Mas la idea de reindustrializar no tendrá eco en este Gobierno. Así lo indica su manejo financiero de la crisis, más complaciente con  gremios apoltronados en sus privilegios que generosa con los atribulados. Para ayudar a estos últimos en la coyuntura, destina el equivalente al 0,5% del PIB, mientras Perú gasta en ello el 12%. Recibe impasible la recomendación del FMI de no tomar préstamos del Banco de la República, interesado como estará aquel en preservar la regla fiscal que le asegura el pago de la deuda. Impensable ahora el gesto del entonces presidente Carlos Lleras cuando en 1966 expulsó a la misión del FMI por querer imponerle una devaluación repentina y brutal. Sin crédito del Banrepública no podrá Duque acoger la propuesta de Acopi –aplicada en casi todo el mundo– de subsidiar salarios a los 8 millones de trabajadores más vulnerables, en vez de ofrecer préstamos de la banca privada a microempresas que no podrán pagarlos después.

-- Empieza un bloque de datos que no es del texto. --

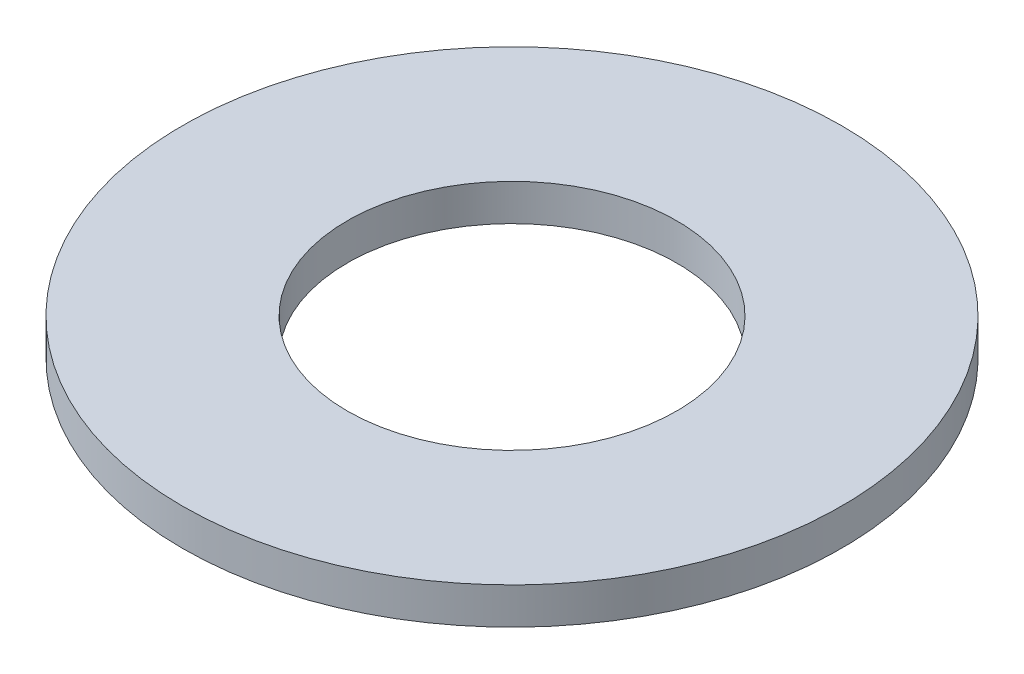
from build123d import *

# Parameters (mm, degrees)
SKETCH1_R           = 45
BOSS_EXTRUDE1_DEPTH = 5
SKETCH2_R           = 22.5
CUT_EXTRUDE1_DEPTH  = 64.835726674


with BuildPart() as part:
    # Sketch1 → Boss-Extrude1 (new body)
    with BuildSketch(Plane(origin=(0, 0, 0), x_dir=(1, 0, 0), z_dir=(0, 1, 0))):
        Circle(SKETCH1_R)
    extrude(amount=BOSS_EXTRUDE1_DEPTH)

    # Sketch2 → Cut-Extrude1 (cut, through all)
    with BuildSketch(Plane(origin=(0, 0, 0), x_dir=(1, 0, 0), z_dir=(0, 1, 0))):
        Circle(SKETCH2_R)
    extrude(amount=CUT_EXTRUDE1_DEPTH, mode=Mode.SUBTRACT)


solid = part.part
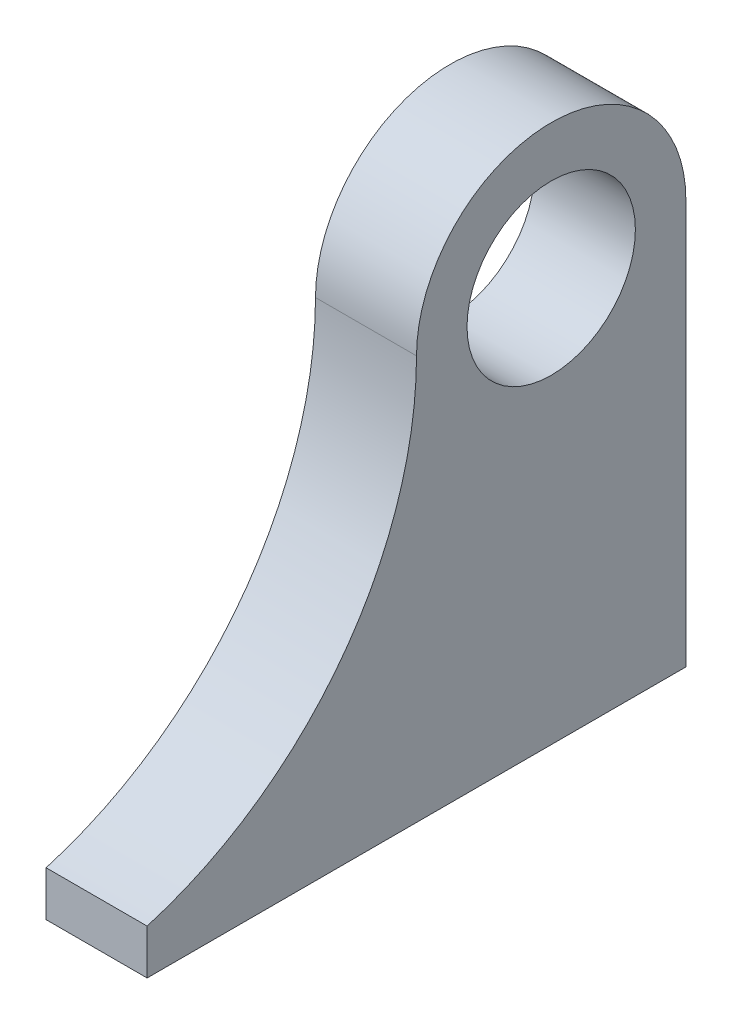
from build123d import *

# Parameters (mm, degrees)
CROQUIS1_W              = 4.7625
CROQUIS1_H              = 42.333333333
SALIENTE_EXTRUIR1_DEPTH = 25.4
CROQUIS2_R              = 3.96875
CORTAR_EXTRUIR1_DEPTH   = 25.4


with BuildPart() as part:
    # Croquis1 → Saliente-Extruir1 (new body)
    with BuildSketch(Plane(origin=(0, 0, 0), x_dir=(1, 0, 0), z_dir=(0, 1, 0))):
        with Locations((604.572916667, 432.985333334)):
            Rectangle(CROQUIS1_W, CROQUIS1_H)
    extrude(amount=SALIENTE_EXTRUIR1_DEPTH)

    # Croquis2 → Cortar-Extruir1 (cut)
    with BuildSketch(Plane(origin=(606.954166667, 0, 0), x_dir=(0, 0, -1), z_dir=(1, 0, 0))):
        with BuildLine():
            ThreePointArc((432.985333333, 25.4), (437.475461394, 23.540128061), (439.335333333, 19.05))
            Line((439.335333333, 19.05), (439.335333333, 0))
            Line((439.335333333, 0), (454.152, 0))
            Line((454.152, 0), (454.152, 25.4))
            Line((454.152, 25.4), (432.985333333, 25.4))
        make_face()
        with BuildLine():
            ThreePointArc((426.635333333, 19.05), (428.495205273, 23.540128061), (432.985333333, 25.4))
            Line((432.985333333, 25.4), (411.818666667, 25.4))
            Line((411.818666667, 25.4), (411.818666667, 0))
            Line((411.818666667, 0), (413.935333333, 0))
            Line((413.935333333, 0), (413.935333333, 2.12))
            ThreePointArc((413.935333333, 2.12), (423.10744442, 8.467999953), (426.635333333, 19.05))
        make_face()
        with Locations((432.985333333, 19.05)):
            Circle(CROQUIS2_R)
    extrude(amount=-CORTAR_EXTRUIR1_DEPTH, mode=Mode.SUBTRACT)


solid = part.part

Acaso pescando en el río de la crisis para perpetuar una medida temporal, el presidente de Fenalco propone, angelical, reducir salarios al 40%. Por su parte, los $6 billones girados al sector Salud aterrizaron en alforjas de las EPS, no en los hospitales. Y sí, claro, el Gobierno hace lo que puede. Que no es mucho, porque el Gobierno es el Consejo Gremial. Y el Presidente, entusiasta servidor del modelo gamonal-extorsionista que éste representa.

Hace años cuestiona Mayer la dependencia de nuestra economía de materias primas como el petróleo. Los países que dependen de ellas, dice, nunca ascienden al desarrollo: llevamos 50 años arrastrando un modelo equivocado, de no-crecimiento, de desindustrialización. En 1957, el ingreso per cápita de Corea era el mismo de Colombia. Hoy lo triplica. Sólo la firma Samsung vende en un año el equivalente al 60% del PIB colombiano. Convoca el empresario a todos los gremios, sindicatos comprendidos, a marchar en pos de un modelo que dispare el crecimiento de la economía, que cree empleos abundantes y bien remunerados. Y no lo vamos a lograr sembrando aguacates, dirá.

El modelo está inventado y toreado en mil plazas desde hace casi un siglo: es el capitalismo social presidido por el Estado mediante planificación concertada con el sector privado. Defiende lo mismo la libre iniciativa del capital que los derechos sociales y económicos de toda la población. Resulta de transacción entre dos sistemas que crearon más desventura que felicidad: el comunismo  y el capitalismo salvaje. Para Alicia Bárcena, directora de la Cepal, es el Estado el que podrá rescatarnos de la crisis evidenciada por la pandemia del coronavirus. No podemos volver a transitar los caminos que nos arrojaron en ella, expresa: “estamos ante un cambio de época, de paradigma. Tenemos que cambiar nuestro modelo de desarrollo”.